New Delhi: The state of the border will determine the state of the India-China relationship, External Affairs Minister S Jaishankar said on Monday, amid the lingering military standoff between the two countries in eastern Ladakh that significantly strained the ties.
Mr Jaishankar was speaking at the launch of the Asia Society Policy Institute here.
Addressing the event, the external affairs minister also spoke on a number of pressing issues including the UN reform, regional cooperation, connectivity and managing contradictions within Asia.
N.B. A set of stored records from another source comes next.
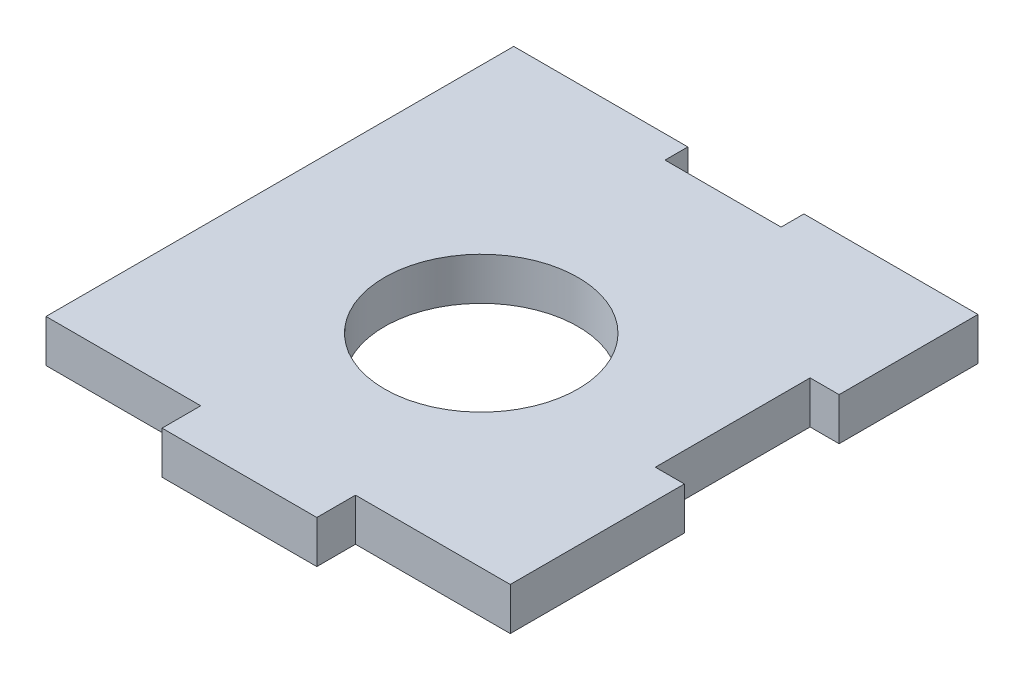
ISO-10303-21;
HEADER;
FILE_DESCRIPTION(('STEP AP214'),'2;1');
FILE_NAME('part.step','',(''),(''),'','','');
FILE_SCHEMA(('AUTOMOTIVE_DESIGN { 1 0 10303 214 1 1 1 1 }'));
ENDSEC;
DATA;
#1=APPLICATION_CONTEXT('core data for automotive mechanical design processes');
#2=APPLICATION_PROTOCOL_DEFINITION('international standard','automotive_design',2000,#1);
#3=PRODUCT_CONTEXT('',#1,'mechanical');
#4=PRODUCT('Part','Part','',(#3));
#5=PRODUCT_RELATED_PRODUCT_CATEGORY('part','',(#4));
#6=PRODUCT_DEFINITION_FORMATION('','',#4);
#7=PRODUCT_DEFINITION_CONTEXT('part definition',#1,'design');
#8=PRODUCT_DEFINITION('design','',#6,#7);
#9=PRODUCT_DEFINITION_SHAPE('','',#8);
#10=(LENGTH_UNIT() NAMED_UNIT(*) SI_UNIT(.MILLI.,.METRE.));
#11=(NAMED_UNIT(*) PLANE_ANGLE_UNIT() SI_UNIT($,.RADIAN.));
#12=(NAMED_UNIT(*) SI_UNIT($,.STERADIAN.) SOLID_ANGLE_UNIT());
#13=UNCERTAINTY_MEASURE_WITH_UNIT(LENGTH_MEASURE(1.E-05),#10,'distance_accuracy_value','');
#14=(GEOMETRIC_REPRESENTATION_CONTEXT(3) GLOBAL_UNCERTAINTY_ASSIGNED_CONTEXT((#13)) GLOBAL_UNIT_ASSIGNED_CONTEXT((#10,
#11,#12)) REPRESENTATION_CONTEXT('',''));
#15=CARTESIAN_POINT('',(0.,0.,0.));
#16=DIRECTION('',(0.,0.,1.));
#17=DIRECTION('',(1.,0.,0.));
#18=AXIS2_PLACEMENT_3D('',#15,#16,#17);
#19=CARTESIAN_POINT('',(0.,2.2,-30.3295211927794));
#20=DIRECTION('',(0.,0.,1.));
#21=DIRECTION('',(1.,0.,0.));
#22=AXIS2_PLACEMENT_3D('',#19,#20,#21);
#23=PLANE('',#22);
#24=DIRECTION('',(-1.,0.,0.));
#25=VECTOR('',#24,1.);
#26=CARTESIAN_POINT('',(0.,0.,-30.3295211927794));
#27=LINE('',#26,#25);
#28=CARTESIAN_POINT('',(-138.536383045774,0.,-30.3295211927794));
#29=VERTEX_POINT('',#28);
#30=CARTESIAN_POINT('',(-140.036383045781,0.,-30.3295211927794));
#31=VERTEX_POINT('',#30);
#32=EDGE_CURVE('E185',#29,#31,#27,.T.);
#33=ORIENTED_EDGE('',*,*,#32,.F.);
#34=DIRECTION('',(0.,-1.,0.));
#35=VECTOR('',#34,1.);
#36=CARTESIAN_POINT('',(-138.536383045774,2.2,-30.3295211927794));
#37=LINE('',#36,#35);
#38=CARTESIAN_POINT('',(-138.536383045774,2.2,-30.3295211927794));
#39=VERTEX_POINT('',#38);
#40=EDGE_CURVE('E11',#39,#29,#37,.T.);
#41=ORIENTED_EDGE('',*,*,#40,.F.);
#42=DIRECTION('',(-1.,0.,0.));
#43=VECTOR('',#42,1.);
#44=CARTESIAN_POINT('',(0.,2.2,-30.3295211927794));
#45=LINE('',#44,#43);
#46=CARTESIAN_POINT('',(-140.036383045781,2.2,-30.3295211927794));
#47=VERTEX_POINT('',#46);
#48=EDGE_CURVE('E274',#39,#47,#45,.T.);
#49=ORIENTED_EDGE('',*,*,#48,.T.);
#50=DIRECTION('',(0.,-1.,0.));
#51=VECTOR('',#50,1.);
#52=CARTESIAN_POINT('',(-140.036383045781,2.2,-30.3295211927794));
#53=LINE('',#52,#51);
#54=EDGE_CURVE('E54',#47,#31,#53,.T.);
#55=ORIENTED_EDGE('',*,*,#54,.T.);
#56=EDGE_LOOP('',(#33,#41,#49,#55));
#57=FACE_BOUND('',#56,.T.);
#58=ADVANCED_FACE('F37',(#57),#23,.T.);
#59=CARTESIAN_POINT('',(-138.536383045774,2.2,0.));
#60=DIRECTION('',(-1.,0.,0.));
#61=DIRECTION('',(0.,0.,1.));
#62=AXIS2_PLACEMENT_3D('',#59,#60,#61);
#63=PLANE('',#62);
#64=DIRECTION('',(0.,0.,-1.));
#65=VECTOR('',#64,1.);
#66=CARTESIAN_POINT('',(-138.536383045774,0.,0.));
#67=LINE('',#66,#65);
#68=CARTESIAN_POINT('',(-138.536383045774,0.,-37.5095211927366));
#69=VERTEX_POINT('',#68);
#70=EDGE_CURVE('E187',#29,#69,#67,.T.);
#71=ORIENTED_EDGE('',*,*,#70,.T.);
#72=DIRECTION('',(0.,-1.,0.));
#73=VECTOR('',#72,1.);
#74=CARTESIAN_POINT('',(-138.536383045774,2.2,-37.5095211927366));
#75=LINE('',#74,#73);
#76=CARTESIAN_POINT('',(-138.536383045774,2.2,-37.5095211927366));
#77=VERTEX_POINT('',#76);
#78=EDGE_CURVE('E46',#77,#69,#75,.T.);
#79=ORIENTED_EDGE('',*,*,#78,.F.);
#80=DIRECTION('',(0.,0.,-1.));
#81=VECTOR('',#80,1.);
#82=CARTESIAN_POINT('',(-138.536383045774,2.2,0.));
#83=LINE('',#82,#81);
#84=EDGE_CURVE('E165',#39,#77,#83,.T.);
#85=ORIENTED_EDGE('',*,*,#84,.F.);
#86=ORIENTED_EDGE('',*,*,#40,.T.);
#87=EDGE_LOOP('',(#71,#79,#85,#86));
#88=FACE_BOUND('',#87,.T.);
#89=ADVANCED_FACE('F261',(#88),#63,.F.);
#90=CARTESIAN_POINT('',(0.,2.2,-37.5095211927366));
#91=DIRECTION('',(0.,0.,-1.));
#92=DIRECTION('',(-1.,0.,0.));
#93=AXIS2_PLACEMENT_3D('',#90,#91,#92);
#94=PLANE('',#93);
#95=DIRECTION('',(1.,0.,0.));
#96=VECTOR('',#95,1.);
#97=CARTESIAN_POINT('',(0.,0.,-37.5095211927366));
#98=LINE('',#97,#96);
#99=CARTESIAN_POINT('',(-147.536383045791,0.,-37.5095211927366));
#100=VERTEX_POINT('',#99);
#101=EDGE_CURVE('E190',#100,#69,#98,.T.);
#102=ORIENTED_EDGE('',*,*,#101,.F.);
#103=DIRECTION('',(0.,-1.,0.));
#104=VECTOR('',#103,1.);
#105=CARTESIAN_POINT('',(-147.536383045791,2.2,-37.5095211927366));
#106=LINE('',#105,#104);
#107=CARTESIAN_POINT('',(-147.536383045791,2.2,-37.5095211927366));
#108=VERTEX_POINT('',#107);
#109=EDGE_CURVE('E251',#108,#100,#106,.T.);
#110=ORIENTED_EDGE('',*,*,#109,.F.);
#111=DIRECTION('',(1.,0.,0.));
#112=VECTOR('',#111,1.);
#113=CARTESIAN_POINT('',(0.,2.2,-37.5095211927366));
#114=LINE('',#113,#112);
#115=EDGE_CURVE('E258',#108,#77,#114,.T.);
#116=ORIENTED_EDGE('',*,*,#115,.T.);
#117=ORIENTED_EDGE('',*,*,#78,.T.);
#118=EDGE_LOOP('',(#102,#110,#116,#117));
#119=FACE_BOUND('',#118,.T.);
#120=ADVANCED_FACE('F256',(#119),#94,.T.);
#121=CARTESIAN_POINT('',(-147.536383045791,2.2,0.));
#122=DIRECTION('',(1.,0.,0.));
#123=DIRECTION('',(0.,0.,-1.));
#124=AXIS2_PLACEMENT_3D('',#121,#122,#123);
#125=PLANE('',#124);
#126=DIRECTION('',(0.,0.,1.));
#127=VECTOR('',#126,1.);
#128=CARTESIAN_POINT('',(-147.536383045791,0.,0.));
#129=LINE('',#128,#127);
#130=CARTESIAN_POINT('',(-147.536383045791,0.,-36.3295211926924));
#131=VERTEX_POINT('',#130);
#132=EDGE_CURVE('E193',#100,#131,#129,.T.);
#133=ORIENTED_EDGE('',*,*,#132,.T.);
#134=DIRECTION('',(0.,-1.,0.));
#135=VECTOR('',#134,1.);
#136=CARTESIAN_POINT('',(-147.536383045791,2.2,-36.3295211926924));
#137=LINE('',#136,#135);
#138=CARTESIAN_POINT('',(-147.536383045791,2.2,-36.3295211926924));
#139=VERTEX_POINT('',#138);
#140=EDGE_CURVE('E248',#139,#131,#137,.T.);
#141=ORIENTED_EDGE('',*,*,#140,.F.);
#142=DIRECTION('',(0.,0.,1.));
#143=VECTOR('',#142,1.);
#144=CARTESIAN_POINT('',(-147.536383045791,2.2,0.));
#145=LINE('',#144,#143);
#146=EDGE_CURVE('E270',#108,#139,#145,.T.);
#147=ORIENTED_EDGE('',*,*,#146,.F.);
#148=ORIENTED_EDGE('',*,*,#109,.T.);
#149=EDGE_LOOP('',(#133,#141,#147,#148));
#150=FACE_BOUND('',#149,.T.);
#151=ADVANCED_FACE('F267',(#150),#125,.F.);
#152=CARTESIAN_POINT('',(0.,2.2,-36.3295211926924));
#153=DIRECTION('',(0.,0.,1.));
#154=DIRECTION('',(1.,0.,0.));
#155=AXIS2_PLACEMENT_3D('',#152,#153,#154);
#156=PLANE('',#155);
#157=DIRECTION('',(-1.,0.,0.));
#158=VECTOR('',#157,1.);
#159=CARTESIAN_POINT('',(0.,0.,-36.3295211926924));
#160=LINE('',#159,#158);
#161=CARTESIAN_POINT('',(-153.536383045792,0.,-36.3295211926924));
#162=VERTEX_POINT('',#161);
#163=EDGE_CURVE('E196',#131,#162,#160,.T.);
#164=ORIENTED_EDGE('',*,*,#163,.T.);
#165=DIRECTION('',(0.,-1.,0.));
#166=VECTOR('',#165,1.);
#167=CARTESIAN_POINT('',(-153.536383045792,2.2,-36.3295211926924));
#168=LINE('',#167,#166);
#169=CARTESIAN_POINT('',(-153.536383045792,2.2,-36.3295211926924));
#170=VERTEX_POINT('',#169);
#171=EDGE_CURVE('E246',#170,#162,#168,.T.);
#172=ORIENTED_EDGE('',*,*,#171,.F.);
#173=DIRECTION('',(-1.,0.,0.));
#174=VECTOR('',#173,1.);
#175=CARTESIAN_POINT('',(0.,2.2,-36.3295211926924));
#176=LINE('',#175,#174);
#177=EDGE_CURVE('E271',#139,#170,#176,.T.);
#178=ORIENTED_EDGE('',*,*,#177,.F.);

The minister said much of the future of Asia depends on how the relations between India and China develop in the foreseeable future.
“For ties to return to a positive trajectory and remain sustainable, they must be based on the three mutuals: mutual sensitivity, mutual respect, and mutual interest,” he said.
“Their current status is, of course, well known to all of you. I can only reiterate that the state of the border will determine the state of the relationship,” he added.
Indian and Chinese troops have engaged in a standoff at a number of friction points in eastern Ladakh for over two years. The two sides disengaged in several areas in the region as a result of high-level military talks.
However, both sides are yet to make any breakthrough in ending the face-off in the remaining friction points.
The last round of high-level military talks took place last month but failed to ease the deadlock.
The latest comments by Mr Jaishankar on India’s ties with China came days after he said Beijing disregarded the border pacts with India casting a shadow on the bilateral ties, asserting that the relationship cannot be a one-way street and that there has to be mutual respect.
“Asia’s prospects and challenges are today very much dependent on developments in the Indo-Pacific. In fact, the concept itself is a reflection of divided Asia, as some have a vested interest in keeping the region less cohesive and interactive,” Mr Jaishankar said in his address at the Asia Society.
“That the global commons and the international community are better served by collaborative endeavours like the Quad apparently leaves them cold,” he said.
The external affairs minister said developing even a basic strategic consensus in Asia is, therefore, clearly a “formidable task.” “As the international order evolves, this desire to selectively retain elements of the 1945 situation while transforming others- and we see that in the UN as well- complicates world politics,” he said.
Mr Jaishankar said “three shocks” of Covid pandemic, Ukraine conflict, and climatic disturbances are also impacting the evolution of the Asian economy.
“Together, they make a powerful case for more engines of growth and resilient and reliable supply chains,” he said.
“There is a parallel debate underway in the digital world that focuses around trust and transparency. How these will translate into strategic outcomes is still too early to predict,” Mr Jaishankar added.